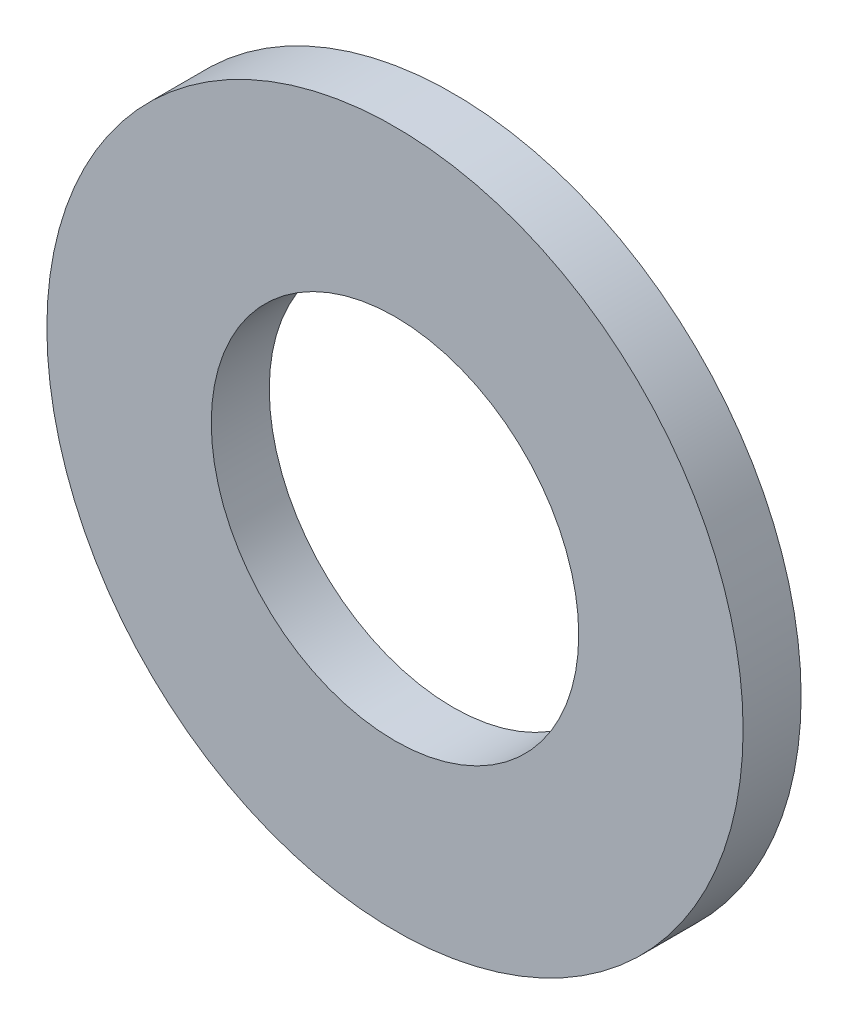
ISO-10303-21;
HEADER;
FILE_DESCRIPTION(('STEP AP214'),'2;1');
FILE_NAME('part.step','',(''),(''),'','','');
FILE_SCHEMA(('AUTOMOTIVE_DESIGN { 1 0 10303 214 1 1 1 1 }'));
ENDSEC;
DATA;
#1=APPLICATION_CONTEXT('core data for automotive mechanical design processes');
#2=APPLICATION_PROTOCOL_DEFINITION('international standard','automotive_design',2000,#1);
#3=PRODUCT_CONTEXT('',#1,'mechanical');
#4=PRODUCT('Part','Part','',(#3));
#5=PRODUCT_RELATED_PRODUCT_CATEGORY('part','',(#4));
#6=PRODUCT_DEFINITION_FORMATION('','',#4);
#7=PRODUCT_DEFINITION_CONTEXT('part definition',#1,'design');
#8=PRODUCT_DEFINITION('design','',#6,#7);
#9=PRODUCT_DEFINITION_SHAPE('','',#8);
#10=(LENGTH_UNIT() NAMED_UNIT(*) SI_UNIT(.MILLI.,.METRE.));
#11=(NAMED_UNIT(*) PLANE_ANGLE_UNIT() SI_UNIT($,.RADIAN.));
#12=(NAMED_UNIT(*) SI_UNIT($,.STERADIAN.) SOLID_ANGLE_UNIT());
#13=UNCERTAINTY_MEASURE_WITH_UNIT(LENGTH_MEASURE(1.E-05),#10,'distance_accuracy_value','');
#14=(GEOMETRIC_REPRESENTATION_CONTEXT(3) GLOBAL_UNCERTAINTY_ASSIGNED_CONTEXT((#13)) GLOBAL_UNIT_ASSIGNED_CONTEXT((#10,
#11,#12)) REPRESENTATION_CONTEXT('',''));
#15=CARTESIAN_POINT('',(0.,0.,0.));
#16=DIRECTION('',(0.,0.,1.));
#17=DIRECTION('',(1.,0.,0.));
#18=AXIS2_PLACEMENT_3D('',#15,#16,#17);
#19=CARTESIAN_POINT('',(0.,0.,3.));
#20=DIRECTION('',(0.,0.,-1.));
#21=DIRECTION('',(-1.,0.,0.));
#22=AXIS2_PLACEMENT_3D('',#19,#20,#21);
#23=CYLINDRICAL_SURFACE('',#22,18.);
#24=CARTESIAN_POINT('',(0.,0.,3.));
#25=DIRECTION('',(0.,0.,1.));
#26=DIRECTION('',(1.,0.,0.));
#27=AXIS2_PLACEMENT_3D('',#24,#25,#26);
#28=CIRCLE('',#27,18.);
#29=CARTESIAN_POINT('',(18.,0.,3.));
#30=VERTEX_POINT('',#29);
#31=EDGE_CURVE('E10',#30,#30,#28,.T.);
#32=ORIENTED_EDGE('',*,*,#31,.F.);
#33=EDGE_LOOP('',(#32));
#34=FACE_BOUND('',#33,.T.);
#35=CARTESIAN_POINT('',(0.,0.,0.));
#36=DIRECTION('',(0.,0.,1.));
#37=DIRECTION('',(1.,0.,0.));
#38=AXIS2_PLACEMENT_3D('',#35,#36,#37);
#39=CIRCLE('',#38,18.);
#40=CARTESIAN_POINT('',(18.,0.,0.));
#41=VERTEX_POINT('',#40);
#42=EDGE_CURVE('E34',#41,#41,#39,.T.);
#43=ORIENTED_EDGE('',*,*,#42,.T.);
#44=EDGE_LOOP('',(#43));
#45=FACE_BOUND('',#44,.T.);
#46=ADVANCED_FACE('F28',(#34,#45),#23,.T.);
#47=CARTESIAN_POINT('',(0.,0.,3.));
#48=DIRECTION('',(0.,0.,1.));
#49=DIRECTION('',(1.,0.,0.));
#50=AXIS2_PLACEMENT_3D('',#47,#48,#49);
#51=PLANE('',#50);
#52=CARTESIAN_POINT('',(0.,0.,3.));
#53=DIRECTION('',(0.,0.,-1.));
#54=DIRECTION('',(-1.,0.,0.));
#55=AXIS2_PLACEMENT_3D('',#52,#53,#54);
#56=CIRCLE('',#55,9.5);
#57=CARTESIAN_POINT('',(-9.5,0.,3.));
#58=VERTEX_POINT('',#57);
#59=EDGE_CURVE('E38',#58,#58,#56,.T.);
#60=ORIENTED_EDGE('',*,*,#59,.T.);
#61=EDGE_LOOP('',(#60));
#62=FACE_BOUND('',#61,.T.);
#63=ORIENTED_EDGE('',*,*,#31,.T.);
#64=EDGE_LOOP('',(#63));
#65=FACE_BOUND('',#64,.T.);
#66=ADVANCED_FACE('F53',(#62,#65),#51,.T.);
#67=CARTESIAN_POINT('',(0.,0.,0.));
#68=DIRECTION('',(0.,0.,1.));
#69=DIRECTION('',(1.,0.,0.));
#70=AXIS2_PLACEMENT_3D('',#67,#68,#69);
#71=PLANE('',#70);
#72=CARTESIAN_POINT('',(0.,0.,0.));
#73=DIRECTION('',(0.,0.,-1.));
#74=DIRECTION('',(-1.,0.,0.));
#75=AXIS2_PLACEMENT_3D('',#72,#73,#74);
#76=CIRCLE('',#75,9.5);
#77=CARTESIAN_POINT('',(-9.5,0.,0.));
#78=VERTEX_POINT('',#77);
#79=EDGE_CURVE('E42',#78,#78,#76,.T.);
#80=ORIENTED_EDGE('',*,*,#79,.F.);
#81=EDGE_LOOP('',(#80));
#82=FACE_BOUND('',#81,.T.);
#83=ORIENTED_EDGE('',*,*,#42,.F.);
#84=EDGE_LOOP('',(#83));
#85=FACE_BOUND('',#84,.T.);
#86=ADVANCED_FACE('F50',(#82,#85),#71,.F.);
#87=CARTESIAN_POINT('',(0.,0.,3.));
#88=DIRECTION('',(0.,0.,-1.));
#89=DIRECTION('',(-1.,0.,0.));
#90=AXIS2_PLACEMENT_3D('',#87,#88,#89);
#91=CYLINDRICAL_SURFACE('',#90,9.5);
#92=ORIENTED_EDGE('',*,*,#59,.F.);
#93=EDGE_LOOP('',(#92));
#94=FACE_BOUND('',#93,.T.);
#95=ORIENTED_EDGE('',*,*,#79,.T.);
#96=EDGE_LOOP('',(#95));
#97=FACE_BOUND('',#96,.T.);
#98=ADVANCED_FACE('F48',(#94,#97),#91,.F.);
#99=CLOSED_SHELL('',(#46,#66,#86,#98));
#100=MANIFOLD_SOLID_BREP('B2',#99);
#101=ADVANCED_BREP_SHAPE_REPRESENTATION('',(#18,#100),#14);
#102=SHAPE_DEFINITION_REPRESENTATION(#9,#101);
ENDSEC;
END-ISO-10303-21;

# # #

▶ _Exercise requirements_
Could you print, word for word, the line containing "#95=ORIENTED_EDGE('',*,*,#79,.T.);" and every line after it through the end of the records, and nothing else?

▶ _Result of the task_
#95=ORIENTED_EDGE('',*,*,#79,.T.);
#96=EDGE_LOOP('',(#95));
#97=FACE_BOUND('',#96,.T.);
#98=ADVANCED_FACE('F48',(#94,#97),#91,.F.);
#99=CLOSED_SHELL('',(#46,#66,#86,#98));
#100=MANIFOLD_SOLID_BREP('B2',#99);
#101=ADVANCED_BREP_SHAPE_REPRESENTATION('',(#18,#100),#14);
#102=SHAPE_DEFINITION_REPRESENTATION(#9,#101);
ENDSEC;
END-ISO-10303-21;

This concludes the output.